Announcing Spatial & Physical Intelligence at Protege

Announcing Spatial & Physical Intelligence at Protege

Why we’re launching our data vertical aimed at robotics, world models, and more — and an invitation to build with us.

Robots have worked alongside humans on factory floors for decades. What this typically looks like: a single mechanical arm, bolted to the floor, repeating the same motion thousands of times in a space designed entirely around its limitations. Every object is in the same place, every surface a fixed distance, shape, and size, everything pre-determined.

Today, leading AI companies are trying to build something much different: the equivalent of a robot that works in a car mechanic’s shop. This environment is messy by nature. Tools scattered across the bench. A manual that doesn’t exist.
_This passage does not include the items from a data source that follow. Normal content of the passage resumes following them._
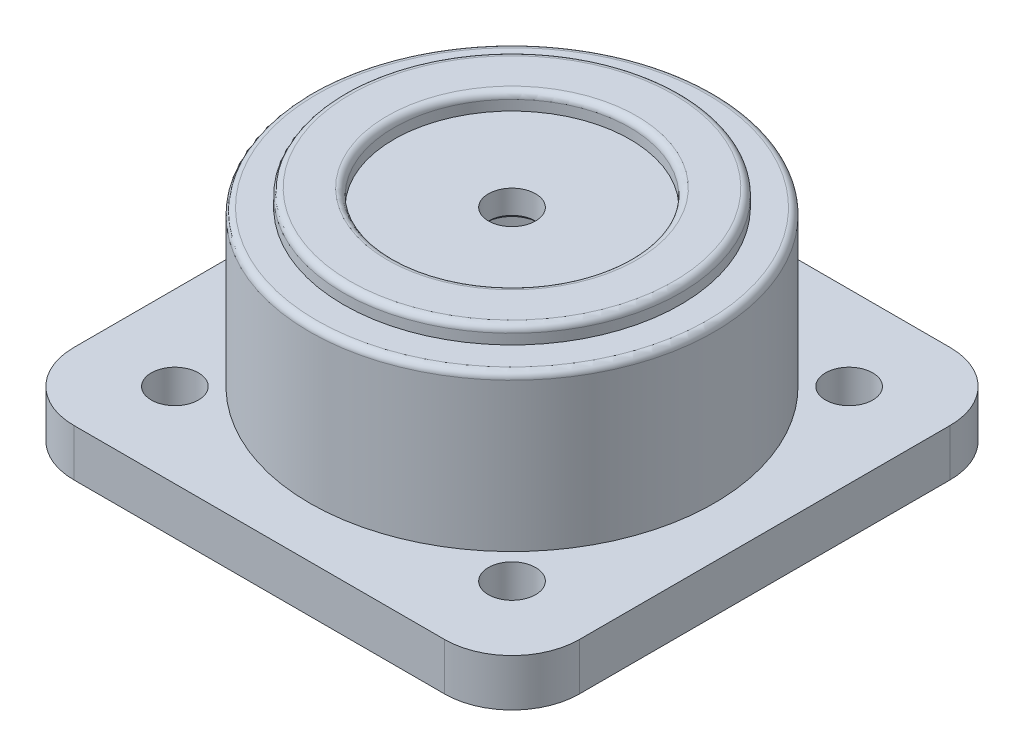
ISO-10303-21;
HEADER;
FILE_DESCRIPTION(('STEP AP214'),'2;1');
FILE_NAME('part.step','',(''),(''),'','','');
FILE_SCHEMA(('AUTOMOTIVE_DESIGN { 1 0 10303 214 1 1 1 1 }'));
ENDSEC;
DATA;
#1=APPLICATION_CONTEXT('core data for automotive mechanical design processes');
#2=APPLICATION_PROTOCOL_DEFINITION('international standard','automotive_design',2000,#1);
#3=PRODUCT_CONTEXT('',#1,'mechanical');
#4=PRODUCT('Part','Part','',(#3));
#5=PRODUCT_RELATED_PRODUCT_CATEGORY('part','',(#4));
#6=PRODUCT_DEFINITION_FORMATION('','',#4);
#7=PRODUCT_DEFINITION_CONTEXT('part definition',#1,'design');
#8=PRODUCT_DEFINITION('design','',#6,#7);
#9=PRODUCT_DEFINITION_SHAPE('','',#8);
#10=(LENGTH_UNIT() NAMED_UNIT(*) SI_UNIT(.MILLI.,.METRE.));
#11=(NAMED_UNIT(*) PLANE_ANGLE_UNIT() SI_UNIT($,.RADIAN.));
#12=(NAMED_UNIT(*) SI_UNIT($,.STERADIAN.) SOLID_ANGLE_UNIT());
#13=UNCERTAINTY_MEASURE_WITH_UNIT(LENGTH_MEASURE(1.E-05),#10,'distance_accuracy_value','');
#14=(GEOMETRIC_REPRESENTATION_CONTEXT(3) GLOBAL_UNCERTAINTY_ASSIGNED_CONTEXT((#13)) GLOBAL_UNIT_ASSIGNED_CONTEXT((#10,
#11,#12)) REPRESENTATION_CONTEXT('',''));
#15=CARTESIAN_POINT('',(0.,0.,0.));
#16=DIRECTION('',(0.,0.,1.));
#17=DIRECTION('',(1.,0.,0.));
#18=AXIS2_PLACEMENT_3D('',#15,#16,#17);
#19=CARTESIAN_POINT('',(0.,30.,0.));
#20=DIRECTION('',(0.,1.,0.));
#21=DIRECTION('',(0.,0.,1.));
#22=AXIS2_PLACEMENT_3D('',#19,#20,#21);
#23=PLANE('',#22);
#24=CARTESIAN_POINT('',(0.,30.,0.));
#25=DIRECTION('',(0.,-1.,0.));
#26=DIRECTION('',(0.,0.,-1.));
#27=AXIS2_PLACEMENT_3D('',#24,#25,#26);
#28=CIRCLE('',#27,3.5);
#29=CARTESIAN_POINT('',(0.,30.,-3.5));
#30=VERTEX_POINT('',#29);
#31=EDGE_CURVE('E161',#30,#30,#28,.T.);
#32=ORIENTED_EDGE('',*,*,#31,.T.);
#33=EDGE_LOOP('',(#32));
#34=FACE_BOUND('',#33,.T.);
#35=CARTESIAN_POINT('',(0.,30.,0.));
#36=DIRECTION('',(0.,1.,0.));
#37=DIRECTION('',(0.,0.,1.));
#38=AXIS2_PLACEMENT_3D('',#35,#36,#37);
#39=CIRCLE('',#38,17.5);
#40=CARTESIAN_POINT('',(0.,30.,17.5));
#41=VERTEX_POINT('',#40);
#42=EDGE_CURVE('E278',#41,#41,#39,.F.);
#43=ORIENTED_EDGE('',*,*,#42,.F.);
#44=EDGE_LOOP('',(#43));
#45=FACE_BOUND('',#44,.T.);
#46=ADVANCED_FACE('F39',(#34,#45),#23,.T.);
#47=CARTESIAN_POINT('',(0.,26.,0.));
#48=DIRECTION('',(0.,1.,0.));
#49=DIRECTION('',(0.,0.,1.));
#50=AXIS2_PLACEMENT_3D('',#47,#48,#49);
#51=PLANE('',#50);
#52=CARTESIAN_POINT('',(0.,26.,0.));
#53=DIRECTION('',(0.,1.,0.));
#54=DIRECTION('',(0.,0.,1.));
#55=AXIS2_PLACEMENT_3D('',#52,#53,#54);
#56=CIRCLE('',#55,4.);
#57=CARTESIAN_POINT('',(0.,26.,4.));
#58=VERTEX_POINT('',#57);
#59=EDGE_CURVE('E266',#58,#58,#56,.T.);
#60=ORIENTED_EDGE('',*,*,#59,.T.);
#61=EDGE_LOOP('',(#60));
#62=FACE_BOUND('',#61,.T.);
#63=CARTESIAN_POINT('',(0.,26.,0.));
#64=DIRECTION('',(0.,-1.,0.));
#65=DIRECTION('',(0.,0.,-1.));
#66=AXIS2_PLACEMENT_3D('',#63,#64,#65);
#67=CIRCLE('',#66,7.5);
#68=CARTESIAN_POINT('',(0.,26.,-7.5));
#69=VERTEX_POINT('',#68);
#70=EDGE_CURVE('E147',#69,#69,#67,.T.);
#71=ORIENTED_EDGE('',*,*,#70,.T.);
#72=EDGE_LOOP('',(#71));
#73=FACE_BOUND('',#72,.T.);
#74=ADVANCED_FACE('F308',(#62,#73),#51,.F.);
#75=CARTESIAN_POINT('',(0.,30.,0.));
#76=DIRECTION('',(0.,-1.,0.));
#77=DIRECTION('',(0.,0.,-1.));
#78=AXIS2_PLACEMENT_3D('',#75,#76,#77);
#79=CYLINDRICAL_SURFACE('',#78,30.);
#80=CARTESIAN_POINT('',(0.,29.,0.));
#81=DIRECTION('',(0.,1.,0.));
#82=DIRECTION('',(0.,0.,1.));
#83=AXIS2_PLACEMENT_3D('',#80,#81,#82);
#84=CIRCLE('',#83,30.);
#85=CARTESIAN_POINT('',(0.,29.,30.));
#86=VERTEX_POINT('',#85);
#87=EDGE_CURVE('E12',#86,#86,#84,.F.);
#88=ORIENTED_EDGE('',*,*,#87,.T.);
#89=EDGE_LOOP('',(#88));
#90=FACE_BOUND('',#89,.T.);
#91=CARTESIAN_POINT('',(0.,23.,0.));
#92=DIRECTION('',(0.,1.,0.));
#93=DIRECTION('',(-1.,0.,0.));
#94=AXIS2_PLACEMENT_3D('',#91,#92,#93);
#95=CIRCLE('',#94,30.);
#96=CARTESIAN_POINT('',(6.,23.,-29.3938769133981));
#97=VERTEX_POINT('',#96);
#98=CARTESIAN_POINT('',(-6.,23.,-29.3938769133981));
#99=VERTEX_POINT('',#98);
#100=EDGE_CURVE('E146',#97,#99,#95,.T.);
#101=ORIENTED_EDGE('',*,*,#100,.T.);
#102=DIRECTION('',(0.,-1.,0.));
#103=VECTOR('',#102,1.);
#104=CARTESIAN_POINT('',(-6.,30.,-29.3938769133981));
#105=LINE('',#104,#103);
#106=CARTESIAN_POINT('',(-6.,15.,-29.3938769133981));
#107=VERTEX_POINT('',#106);
#108=EDGE_CURVE('E136',#99,#107,#105,.T.);
#109=ORIENTED_EDGE('',*,*,#108,.T.);
#110=CARTESIAN_POINT('',(0.,15.,0.));
#111=DIRECTION('',(0.,-1.,0.));
#112=DIRECTION('',(0.,0.,-1.));
#113=AXIS2_PLACEMENT_3D('',#110,#111,#112);
#114=CIRCLE('',#113,30.);
#115=CARTESIAN_POINT('',(6.,15.,-29.3938769133981));
#116=VERTEX_POINT('',#115);
#117=EDGE_CURVE('E125',#107,#116,#114,.T.);
#118=ORIENTED_EDGE('',*,*,#117,.T.);
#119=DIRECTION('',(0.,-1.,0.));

Human colleagues moving through the same space.

But the robot of tomorrow needs to know which tool to pick up, that the wrench is heavier than the screwdriver, or that the person next to it just stepped in its path. It needs to understand the world around it well enough to act in it safely, without anyone choreographing the scene in advance.

That is a very different problem, and it requires a very different kind of data than what’s been used before.

Billions of dollars are flowing into robotics and world models right now. The ambition is real. But the training data these systems need, the dense and diverse recordings of how humans actually move through and interact with the physical world, barely exists. The models are advancing. The data has not kept pace — at least, not the full breadth of data required for the next generation of robotics and world models.

That’s why we’ve been building something new.

Today, we’re announcing Spatial & Physical Intelligence, a new vertical at Protege focused on curating and structuring high-quality training data for robotics and world models.

Where this leads: we are building the foundational multi-modal training data assets for bringing AI into the physical world.

Having worked closely with builders and data creators in the space, we now clearly see that these two fields depend on the same underlying data. Despite serving different builders with different model objectives, both need to understand how humans, objects, and environments interact in physical space.

Two fields, one data gap

A world model is a predictive model of how the environment evolves. It learns the dynamics of the world (e.g., “if I push this cup, it will slide”) and can simulate future states. World models are studied broadly in AI and reinforcement learning, not just robotics, and can be trained purely from 3D, video or sensor data without ever controlling a physical robot (Ha & Schmidhuber, 2018; LeCun, 2022).

A robotics model, by contrast, must translate perception into action commands for real hardware under physical constraints. It may use a world model internally for “planning”, but it also needs control policies, safety constraints, embodiment awareness, and real-time execution.

Technically, these are separate problems. But here’s what we keep seeing: the data that teaches one teaches the other. We have seen world model companies benefit from robotics data, and vice-versa.

When you think about what cutting-edge builders want to build, this makes sense.

How does a robot know what tool to pick up? How does it know the hammer is heavier than the apple? A world model is learning to simulate exactly these dynamics. A robotics model is learning to act on them. The raw material is the same: recordings of humans interacting with objects and environments in real physical space.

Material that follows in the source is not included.